__Collected data entries__.
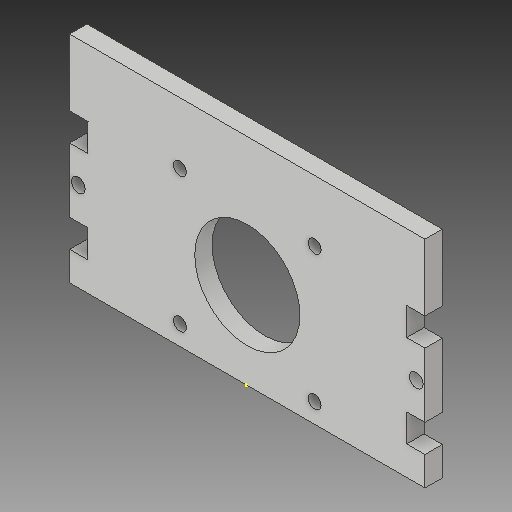
# Autodesk Inventor part: Motor_brace_2
Saved by Autodesk Inventor 2019 (Build 230136000, 136)
## iProperties
Created: 2020-03-11
Part Number: Motor_brace_2
Material: Generic
Document SubType Name: Modeling
Designer: Vijay
Density: 1 g/cm^3
Appearance: Default
Author: Vijay
Autodesk Inventor part; units mm, degrees
ref_plane "YZ Plane" through (0, 0, 0) normal (1, 0, 0) x (0, 1, 0)
ref_plane "XZ Plane" through (0, 0, 0) normal (0, 1, 0) x (-1, 0, 0)
ref_plane "XY Plane" through (0, 0, 0) normal (0, 0, 1) x (1, 0, 0)
sketch "Sketch1" plane through (0, 0, 0) normal (0, 0, 1) x (1, 0, 0)
  line L0 (20, 35.0868) -> (15.0858, 40.001) construction
  line L1 (15.0858, 40.001) -> (-15.0858, 40.001) construction
  line L2 (-15.0858, 40.001) -> (-20, 35.0868) construction
  line L3 (-20, 35.0868) -> (-20, 4.9152) construction
  line L4 (-20, 4.9152) -> (-15.0858, 0.001) construction
  line L5 (-15.0858, 0.001) -> (15.0858, 0.001) construction
  line L6 (15.0858, 0.001) -> (20, 4.9152) construction
  line L7 (20, 4.9152) -> (20, 35.0868) construction
  spline S0 degree 3 number of poles 98 construction
  spline S1 degree 3 number of poles 98 construction
  spline S2 degree 3 number of poles 98 construction
  spline S3 degree 3 number of poles 98 construction
  circle A0 centre (0, 20.001) radius 11 construction
  spline S4 degree 3 number of poles 98 construction
  spline S5 degree 3 number of poles 98 construction
  spline S6 degree 3 number of poles 98 construction
  spline S7 degree 3 number of poles 98 construction
  line L8 (-152.3368, 49.5885) -> (152.3133, 49.5884) construction
  line L9 (-40.8871, 0.001) -> (40.8871, 0.001)
  line L10 (40.8871, 0.001) -> (40.8871, 40.001)
  line L11 (40.8871, 40.001) -> (-40.8871, 40.001)
  line L12 (-40.8871, 40.001) -> (-40.8871, 0.001)
  line L13 (-40.8871, 0.001) -> (40.8871, 40.001) construction
  line L14 (40.8871, 0.001) -> (-40.8871, 40.001) construction
  line L15 (40.8871, 40.001) -> (-40.8871, 40.001)
  line L16 (-40.8871, 40.001) -> (-40.8871, 49.5885)
  line L17 (-40.8871, 49.5885) -> (40.8871, 49.5885)
  line L18 (40.8871, 49.5885) -> (40.8871, 40.001)
  circle A1 centre (15.5, 4.501) radius 1.5
  circle A2 centre (-15.5, 4.501) radius 1.5
  circle A3 centre (-15.5, 35.501) radius 1.5
  circle A4 centre (15.5, 35.501) radius 1.5
  circle A5 centre (0, 20.001) radius 12.0934
  point P0 (0, 0)
  constraints: 20 end point, 4 parallel, 2 horizontal, 2 midpoint, 2 perpendicular, 1 centre point, 1 coincident, 1 point on line
extrude "Extrusion1" add sketch "Sketch1" along normal blind 4
sketch "Sketch2" plane through (0, 0, 4) normal (0, 0, 1) x (1, 0, 0)
  line L0 (36.8871, 28.0768) -> (36.8871, 34.0768) construction
  line L1 (36.8871, 28.0768) -> (40.8871, 28.0768) construction
  line L2 (40.8871, 34.0768) -> (40.8871, 28.0768) construction
  line L3 (36.8871, 34.0768) -> (40.8871, 34.0768) construction
  line L4 (36.8871, 6.8768) -> (36.8871, 12.8768) construction
  line L5 (36.8871, 6.8768) -> (40.8871, 6.8768) construction
  line L6 (40.8871, 12.8768) -> (40.8871, 6.8768) construction
  line L7 (36.8871, 12.8768) -> (40.8871, 12.8768) construction
  line L8 (-40.8871, 28.0768) -> (-40.8871, 34.0768) construction
  line L9 (-40.8871, 28.0768) -> (-36.8871, 28.0768) construction
  line L10 (-36.8871, 34.0768) -> (-36.8871, 28.0768) construction
  line L11 (-40.8871, 34.0768) -> (-36.8871, 34.0768) construction
  line L12 (-40.8871, 6.8768) -> (-40.8871, 12.8768) construction
  line L13 (-40.8871, 6.8768) -> (-36.8871, 6.8768) construction
  line L14 (-36.8871, 12.8768) -> (-36.8871, 6.8768) construction
  line L15 (-40.8871, 12.8768) -> (-36.8871, 12.8768) construction
  line L16 (-40.8871, 18.9768) -> (-40.8871, 21.9768) construction
  line L17 (-40.8871, 18.9768) -> (-36.8871, 18.9768) construction
  line L18 (-36.8871, 21.9768) -> (-36.8871, 18.9768) construction
  line L19 (-40.8871, 21.9768) -> (-36.8871, 21.9768) construction
  line L20 (36.8871, 18.9768) -> (36.8871, 21.9768) construction
  line L21 (36.8871, 18.9768) -> (40.8871, 18.9768) construction
  line L22 (40.8871, 21.9768) -> (40.8871, 18.9768) construction
  line L23 (36.8871, 21.9768) -> (40.8871, 21.9768) construction
  circle A0 centre (-38.8871, 20.4768) radius 1.6
  circle A1 centre (38.8871, 20.4768) radius 1.6
  line L24 (-36.6871, 34.2768) -> (-36.6871, 27.8768)
  line L25 (-36.6871, 27.8768) -> (-41.0871, 27.8768)
  line L26 (-41.0871, 27.8768) -> (-41.0871, 34.2768)
  line L27 (-41.0871, 34.2768) -> (-36.6871, 34.2768)
  line L28 (-36.6871, 13.0768) -> (-36.6871, 6.6768)
  line L29 (-36.6871, 6.6768) -> (-41.0871, 6.6768)
  line L30 (-41.0871, 6.6768) -> (-41.0871, 13.0768)
  line L31 (-41.0871, 13.0768) -> (-36.6871, 13.0768)
  line L32 (41.0871, 34.2768) -> (41.0871, 27.8768)
  line L33 (41.0871, 27.8768) -> (36.6871, 27.8768)
  line L34 (36.6871, 27.8768) -> (36.6871, 34.2768)
  line L35 (36.6871, 34.2768) -> (41.0871, 34.2768)
  line L36 (41.0871, 13.0768) -> (41.0871, 6.6768)
  line L37 (41.0871, 6.6768) -> (36.6871, 6.6768)
  line L38 (36.6871, 6.6768) -> (36.6871, 13.0768)
  line L39 (36.6871, 13.0768) -> (41.0871, 13.0768)
  point P0 (0, 0)
  dimension "d2" = 3.2
  dimension "d3" = 3.2
  dimension "d4" = 0.2
  dimension "d5" = 0.2
  dimension "d6" = 0.2
  dimension "d7" = 0.2
  constraints: 32 end point, 2 centre point, 12 other
  measures "d2" diameter of A0
  measures "d3" diameter of A1
  measures "d4" distance between parallel lines of L11 L27
  measures "d5" distance between parallel lines of L15 L31
  measures "d6" distance between parallel lines of L3 L35
  measures "d7" distance between parallel lines of L7 L39
extrude "Extrusion2" cut sketch "Sketch2" against normal through all
sketch "Sketch3" plane through (0, 0, 4) normal (0, 0, 1) x (1, 0, 0)
  point P0 (0, 0)
body "Solid1"
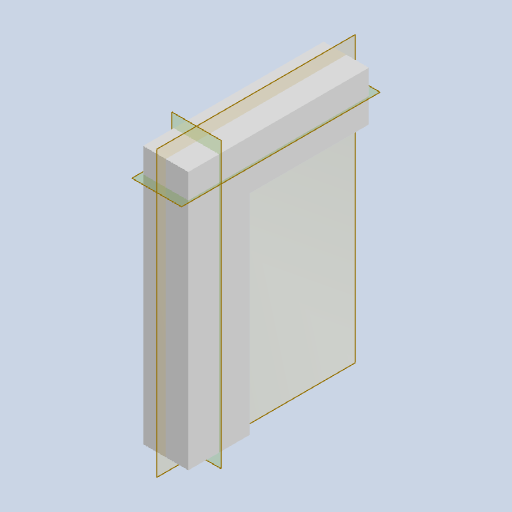
# Autodesk Inventor part: Head Posts
Saved by Autodesk Inventor 2022 (Build 260153000, 153)
## iProperties
Created: 2022-01-18
Part Number: Head Posts
Material: Generic
Document SubType Name: Modeling
Designer: gnzak
Density: 1 g/cm^3
Appearance: Default
Author: gnzak
Autodesk Inventor part; units mm, degrees
ref_plane "YZ Plane" through (0, 0, 0) normal (1, 0, 0) x (0, 1, 0)
ref_plane "XZ Plane" through (0, 0, 0) normal (0, 1, 0) x (-1, 0, 0)
ref_plane "XY Plane" through (0, 0, 0) normal (0, 0, 1) x (1, 0, 0)
sketch "Sketch1" plane through (0, 0, 0) normal (1, 0, 0) x (0, 1, 0)
  line L0 (29.4716, 1.335) -> (29.4716, -68.515)
  line L1 (29.4716, -68.515) -> (10.4216, -68.515)
  line L2 (10.4216, -68.515) -> (10.4216, -22.4775)
  line L3 (10.4216, -22.4775) -> (-70.5409, -22.4775)
  line L4 (-70.5409, -22.4775) -> (-70.5409, 1.335)
  line L5 (-70.5409, 1.335) -> (29.4716, 1.335)
  point P0 (0, 0)
  dimension "d0" = 69.85
  dimension "d1" = 46.0375
  dimension "d2" = 23.8125
  dimension "d3" = 100.0125
  dimension "d4" = 19.05
  constraints: 12 end point, 4 perpendicular, 1 vertical
  measures "d0" distance of L0.start L0.end
  measures "d1" distance of L1.end L2.end
  measures "d2" distance of L3.end L4.end
  measures "d3" distance of L4.end L0.start
  measures "d4" distance of L0.end L1.end
extrude "Extrusion1" add sketch "Sketch1" along normal blind 17.4625
ref_plane "Work Plane1" through (0, -70.5409, -10.5712) normal (0, 0, -1) x (-1, 0, 0)
ref_plane "Work Plane2" through (8.7313, 0, 0) normal (1, 0, 0) x (0, 0, -1)
ref_plane "Work Plane3" through (0, 19.9466, -68.515) normal (0, -1, 0) x (1, 0, 0)
equation "\"d1\" = d0 - d2"
body "Solid1"

__Exercise aim__.
Filter the entries and keep only the lines holding "circle".

__Solution__.
  circle A0 centre (0, 20.001) radius 11 construction
  circle A1 centre (15.5, 4.501) radius 1.5
  circle A2 centre (-15.5, 4.501) radius 1.5
  circle A3 centre (-15.5, 35.501) radius 1.5
  circle A4 centre (15.5, 35.501) radius 1.5
  circle A5 centre (0, 20.001) radius 12.0934
  circle A0 centre (-38.8871, 20.4768) radius 1.6
  circle A1 centre (38.8871, 20.4768) radius 1.6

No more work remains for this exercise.